[Data items]
□ □ □

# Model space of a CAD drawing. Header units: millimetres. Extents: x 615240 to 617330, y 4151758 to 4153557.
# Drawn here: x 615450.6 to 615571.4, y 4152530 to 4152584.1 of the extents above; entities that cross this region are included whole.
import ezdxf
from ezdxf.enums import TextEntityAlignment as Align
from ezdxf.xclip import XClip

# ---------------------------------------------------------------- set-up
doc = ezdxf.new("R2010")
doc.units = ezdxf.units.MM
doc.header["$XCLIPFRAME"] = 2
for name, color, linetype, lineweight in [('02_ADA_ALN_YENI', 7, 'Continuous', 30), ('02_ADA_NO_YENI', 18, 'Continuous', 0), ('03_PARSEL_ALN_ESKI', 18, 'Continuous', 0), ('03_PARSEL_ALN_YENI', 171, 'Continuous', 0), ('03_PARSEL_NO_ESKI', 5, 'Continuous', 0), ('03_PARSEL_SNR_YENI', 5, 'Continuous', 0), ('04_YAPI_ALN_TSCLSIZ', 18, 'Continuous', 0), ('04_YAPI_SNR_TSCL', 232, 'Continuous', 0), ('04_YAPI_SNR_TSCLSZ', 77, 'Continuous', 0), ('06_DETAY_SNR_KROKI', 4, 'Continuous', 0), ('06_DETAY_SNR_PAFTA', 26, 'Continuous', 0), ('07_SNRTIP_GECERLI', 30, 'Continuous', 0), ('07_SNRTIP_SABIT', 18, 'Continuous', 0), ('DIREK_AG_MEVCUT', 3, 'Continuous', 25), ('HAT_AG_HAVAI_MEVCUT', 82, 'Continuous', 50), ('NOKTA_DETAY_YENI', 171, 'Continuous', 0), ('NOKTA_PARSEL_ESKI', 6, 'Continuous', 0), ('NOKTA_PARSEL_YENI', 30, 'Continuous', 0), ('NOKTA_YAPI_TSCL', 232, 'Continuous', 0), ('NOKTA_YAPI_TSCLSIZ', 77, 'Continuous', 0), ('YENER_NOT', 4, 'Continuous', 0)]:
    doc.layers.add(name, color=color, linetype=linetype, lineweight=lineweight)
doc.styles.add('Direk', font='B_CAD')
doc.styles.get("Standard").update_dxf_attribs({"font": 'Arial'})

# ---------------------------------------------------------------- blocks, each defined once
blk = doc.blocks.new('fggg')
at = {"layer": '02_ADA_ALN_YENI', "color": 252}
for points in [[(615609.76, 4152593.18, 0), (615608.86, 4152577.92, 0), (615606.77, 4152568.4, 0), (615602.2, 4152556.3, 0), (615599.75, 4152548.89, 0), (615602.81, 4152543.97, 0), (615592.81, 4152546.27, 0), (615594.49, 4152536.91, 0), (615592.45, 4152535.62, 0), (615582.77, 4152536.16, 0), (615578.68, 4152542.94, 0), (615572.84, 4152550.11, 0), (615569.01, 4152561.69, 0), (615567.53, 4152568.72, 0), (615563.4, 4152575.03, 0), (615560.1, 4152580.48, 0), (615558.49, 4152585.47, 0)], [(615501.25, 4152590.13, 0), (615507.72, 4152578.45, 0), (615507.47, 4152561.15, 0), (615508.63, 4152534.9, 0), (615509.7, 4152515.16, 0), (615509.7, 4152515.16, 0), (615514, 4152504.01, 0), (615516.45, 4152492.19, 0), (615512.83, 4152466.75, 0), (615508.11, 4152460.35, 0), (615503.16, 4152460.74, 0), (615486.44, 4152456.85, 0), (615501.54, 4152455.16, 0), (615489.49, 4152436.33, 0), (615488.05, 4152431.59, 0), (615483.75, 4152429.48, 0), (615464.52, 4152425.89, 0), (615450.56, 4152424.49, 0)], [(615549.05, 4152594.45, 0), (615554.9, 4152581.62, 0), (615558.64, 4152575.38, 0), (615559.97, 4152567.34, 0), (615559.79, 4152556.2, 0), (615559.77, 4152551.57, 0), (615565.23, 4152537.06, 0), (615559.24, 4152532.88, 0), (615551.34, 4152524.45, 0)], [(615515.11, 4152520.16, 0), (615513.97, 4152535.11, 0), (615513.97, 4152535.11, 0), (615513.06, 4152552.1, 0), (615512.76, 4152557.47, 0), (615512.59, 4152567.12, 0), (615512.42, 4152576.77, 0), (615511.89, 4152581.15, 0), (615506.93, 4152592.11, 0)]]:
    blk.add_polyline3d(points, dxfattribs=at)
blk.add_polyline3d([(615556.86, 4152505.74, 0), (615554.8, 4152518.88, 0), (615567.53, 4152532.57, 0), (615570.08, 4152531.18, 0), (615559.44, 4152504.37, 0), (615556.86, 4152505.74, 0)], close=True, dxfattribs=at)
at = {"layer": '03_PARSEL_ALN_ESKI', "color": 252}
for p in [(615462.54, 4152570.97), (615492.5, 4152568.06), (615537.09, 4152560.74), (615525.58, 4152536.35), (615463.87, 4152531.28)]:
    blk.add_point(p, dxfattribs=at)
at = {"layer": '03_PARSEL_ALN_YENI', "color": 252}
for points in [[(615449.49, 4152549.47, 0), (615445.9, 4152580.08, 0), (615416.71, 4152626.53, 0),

□ □ □

Take each line above that contains "lineweight" and copy it out.

§ REPLY
for name, color, linetype, lineweight in [('02_ADA_ALN_YENI', 7, 'Continuous', 30), ('02_ADA_NO_YENI', 18, 'Continuous', 0), ('03_PARSEL_ALN_ESKI', 18, 'Continuous', 0), ('03_PARSEL_ALN_YENI', 171, 'Continuous', 0), ('03_PARSEL_NO_ESKI', 5, 'Continuous', 0), ('03_PARSEL_SNR_YENI', 5, 'Continuous', 0), ('04_YAPI_ALN_TSCLSIZ', 18, 'Continuous', 0), ('04_YAPI_SNR_TSCL', 232, 'Continuous', 0), ('04_YAPI_SNR_TSCLSZ', 77, 'Continuous', 0), ('06_DETAY_SNR_KROKI', 4, 'Continuous', 0), ('06_DETAY_SNR_PAFTA', 26, 'Continuous', 0), ('07_SNRTIP_GECERLI', 30, 'Continuous', 0), ('07_SNRTIP_SABIT', 18, 'Continuous', 0), ('DIREK_AG_MEVCUT', 3, 'Continuous', 25), ('HAT_AG_HAVAI_MEVCUT', 82, 'Continuous', 50), ('NOKTA_DETAY_YENI', 171, 'Continuous', 0), ('NOKTA_PARSEL_ESKI', 6, 'Continuous', 0), ('NOKTA_PARSEL_YENI', 30, 'Continuous', 0), ('NOKTA_YAPI_TSCL', 232, 'Continuous', 0), ('NOKTA_YAPI_TSCLSIZ', 77, 'Continuous', 0), ('YENER_NOT', 4, 'Continuous', 0)]:
    doc.layers.add(name, color=color, linetype=linetype, lineweight=lineweight)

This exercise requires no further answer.